Aniram
♥ not as nice as i look ♥
Tuesday, 13 July 2010
Where's the love?
Do you remember dreaming of what kind of person you'd end up with?
I did, and all the dreams were connected to my silver screen obsessions. I was exposed to old classics and musicals when i was young by my mom. She was always about the music or dance. I never caught her dancing but i always knew she did when i wasn't there. :)
We used to stay up late nights watching Marx Brothers, Dick Powell, William Powell, Judy Garland, Ginger Rogers, Ruby Keeler, Gene Kelly... you name them, i probably watched them! And the DUO couples we're the BEST! I used to sit there, Indian style on the floor, being envious of these women. I wanted to sing the best, dance the best, and love the best.
I tried my best with the singing and dancing... but i really got lucky when it came to love.
I always remember there being alot of love in my house too. My mom and dad always were close and they too, were close to me. So when i watched Myrna Loy and William Powell being Nick and Nora; bickering, i always saw my parents too. Which always led my imagination to...
Who would i be with??
Now I've had my experiences of dead beats, losers, users, etc. I've made my mistakes and (THANK GOODNESS) i learned from my mistakes. Finally making the discovery of my lifetime... My Love Matthew.
And now, in him, i can see all the men i once adored on the screens. Its not his looks, his style, his presence, his dancing abilities...
Its just - HIM.
So i can still oogle at the men of my silver screen past, knowing that I've found the real deal.
Sunday, 11 July 2010
Drink. Drank. Drunk.
What is with society today, that binge drinking is highly acceptable? Even encouraged!

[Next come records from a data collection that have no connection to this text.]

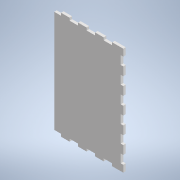
# Autodesk Inventor part: Part2
Saved by Autodesk Inventor 2022 (Build 260153000, 153)
## iProperties
Created: 2022-05-11
Part Number: Part2
Material: Generic
Document SubType Name: Modeling
Designer: Jeanette Guo
Density: 1 g/cm^3
Appearance: Default
Author: Jeanette Guo
Autodesk Inventor part; units mm, degrees
ref_plane "YZ Plane" through (0, 0, 0) normal (1, 0, 0) x (0, 1, 0)
ref_plane "XZ Plane" through (0, 0, 0) normal (0, 1, 0) x (-1, 0, 0)
ref_plane "XY Plane" through (0, 0, 0) normal (0, 0, 1) x (1, 0, 0)
sketch "Sketch1" plane through (0, 0, 0) normal (0, 0, 1) x (1, 0, 0)
  line L0 (0, 123) -> (0, 3)
  line L1 (0, 3) -> (5, 3)
  line L2 (28, 3) -> (28, 0)
  line L3 (38, 0) -> (38, 3)
  line L4 (48, 3) -> (48, 0)
  line L5 (58, 0) -> (58, 3)
  line L6 (68, 3) -> (68, 0)
  line L7 (78, 63) -> (81, 63) construction
  line L8 (0, 3) -> (5, 3)
  line L9 (78, 8) -> (78, 13)
  line L10 (78, 28) -> (78, 33)
  line L11 (78, 48) -> (78, 53)
  line L12 (78, 8) -> (78, 13)
  line L13 (81, 18) -> (81, 23)
  line L14 (78, 28) -> (78, 33)
  line L15 (78, 48) -> (78, 53)
  line L16 (81, 38) -> (81, 43)
  line L17 (81, 0) -> (81, 3) construction
  line L18 (0, 3) -> (5, 3)
  line L19 (8, 0) -> (15, 0)
  line L20 (18, 3) -> (28, 3)
  line L21 (28, 0) -> (38, 0)
  line L22 (38, 3) -> (48, 3)
  line L23 (48, 0) -> (58, 0)
  line L24 (68, 0) -> (78, 0)
  line L25 (58, 3) -> (68, 3)
  line L26 (78, 98) -> (78, 93)
  line L27 (78, 78) -> (78, 73)
  line L28 (78, 118) -> (78, 113)
  line L29 (81, 108) -> (81, 103)
  line L30 (81, 88) -> (81, 83)
  line L31 (18, 123) -> (28, 123)
  line L32 (28, 126) -> (38, 126)
  line L33 (38, 123) -> (48, 123)
  line L34 (48, 126) -> (58, 126)
  line L35 (68, 126) -> (78, 126)
  line L36 (58, 123) -> (68, 123)
  line L37 (81, 58) -> (81, 68)
  line L38 (81, 83) -> (81, 88)
  line L39 (81, 103) -> (81, 108)
  line L40 (78, 126) -> (68, 126)
  line L41 (58, 126) -> (48, 126)
  line L42 (38, 126) -> (28, 126)
  line L43 (8, 123) -> (8, 126)
  line L44 (0, 123) -> (5, 123)
  line L45 (8, 126) -> (18, 126)
  line L46 (18, 126) -> (18, 123)
  line L47 (28, 123) -> (28, 126)
  line L48 (38, 126) -> (38, 123)
  line L49 (48, 123) -> (48, 126)
  line L50 (58, 126) -> (58, 123)
  line L51 (68, 126) -> (68, 123)
  line L52 (78, 126) -> (81, 126)
  line L53 (81, 126) -> (81, 123)
  line L54 (18, 3) -> (28, 3)
  line L55 (28, 0) -> (38, 0)
  line L56 (38, 3) -> (48, 3)
  line L57 (48, 0) -> (58, 0)
  line L58 (58, 3) -> (68, 3)
  line L59 (68, 0) -> (78, 0)
  line L60 (8, 3) -> (8, 0)
  line L61 (0, 3) -> (8, 3)
  line L62 (8, 0) -> (18, 0)
  line L63 (18, 0) -> (18, 3)
  line L64 (28, 3) -> (28, 0)
  line L65 (38, 0) -> (38, 3)
  line L66 (48, 3) -> (48, 0)
  line L67 (58, 0) -> (58, 3)
  line L68 (68, 0) -> (68, 3)
  line L69 (78, 0) -> (81, 0)
  line L70 (81, 0) -> (81, 3)
  line L71 (81, 0) -> (81, 3)
  line L72 (5, 123) -> (5, 68)
  line L73 (5, 68) -> (8, 68)
  line L74 (8, 68) -> (8, 123)
  line L75 (81, 126) -> (81, 118)
  line L76 (81, 118) -> (78, 118)
  line L77 (81, 108) -> (78, 108)
  line L78 (81, 108) -> (81, 98)
  line L79 (81, 98) -> (78, 98)
  line L80 (81, 88) -> (78, 88)
  line L81 (81, 88) -> (81, 78)
  line L82 (81, 78) -> (78, 78)
  line L83 (81, 68) -> (78, 68)
  line L84 (78, 108) -> (78, 118)
  line L85 (81, 108) -> (81, 98)
  line L86 (81, 88) -> (81, 78)
  line L87 (78, 68) -> (78, 78)
  line L88 (78, 88) -> (78, 98)
  line L89 (78, 8) -> (78, 13)
  line L90 (81, 18) -> (81, 23)
  line L91 (78, 28) -> (78, 33)
  line L92 (81, 68) -> (81, 58)
  line L93 (81, 43) -> (81, 38)
  line L94 (81, 0) -> (81, 8)
  line L95 (81, 8) -> (78, 8)
  line L96 (81, 18) -> (78, 18)
  line L97 (81, 18) -> (81, 28)
  line L98 (81, 28) -> (78, 28)
  line L99 (81, 38) -> (78, 38)
  line L100 (81, 48) -> (78, 48)
  line L101 (81, 58) -> (78, 58)
  line L102 (78, 18) -> (78, 8)
  line L103 (81, 38) -> (81, 48)
  line L104 (78, 58) -> (78, 48)
  line L105 (78, 38) -> (78, 28)
  line L106 (5, 123) -> (8, 123)
  point P0 (0, 0)
  point P1 (81, 93)
  point P2 (81, 73)
  point P3 (81, 73)
  dimension "d19" = 8
  dimension "d22" = 10
  dimension "d23" = 10
  dimension "d25" = 55
  dimension "d31" = 10
  dimension "d32" = 10
  dimension "d33" = 10
  dimension "d34" = 3
  dimension "d35" = 81
  constraints: 214 end point, 33 symmetric about line, 26 perpendicular, 9 parallel, 6 collinear, 4 horizontal, 3 vertical, 1 midpoint, 1 point on line
  measures "d19" distance of L0.start L43.start
  measures "d22" distance of L43.end L45.end
  measures "d23" distance of L31.start L31.end
  measures "d25" distance of L44.end L72.end
  measures "d31" distance of L36.start L36.end
  measures "d32" distance of L34.start L34.end
  measures "d33" distance of L33.start L33.end
  measures "d34" distance of L33.end L34.start
  measures "d35" distance between parallel lines of L94 L0
extrude "Extrusion1" add sketch "Sketch1" along normal blind 3
body "Solid1"

In the united states between 1920 til 1933, alcohol was prohibited. Why? Due to its alleged detrimental effect on human behavior. Now we all know that this was not enforced the way it was intended, and although prohibition was suppose to lower crime rates, it actually helped fuel the rising crimes further for the "secret" demand of alcohol. However, general nuisance and petty crimes were on a low. Despite of this being unsuccessful, there was a understandable reason for the ban.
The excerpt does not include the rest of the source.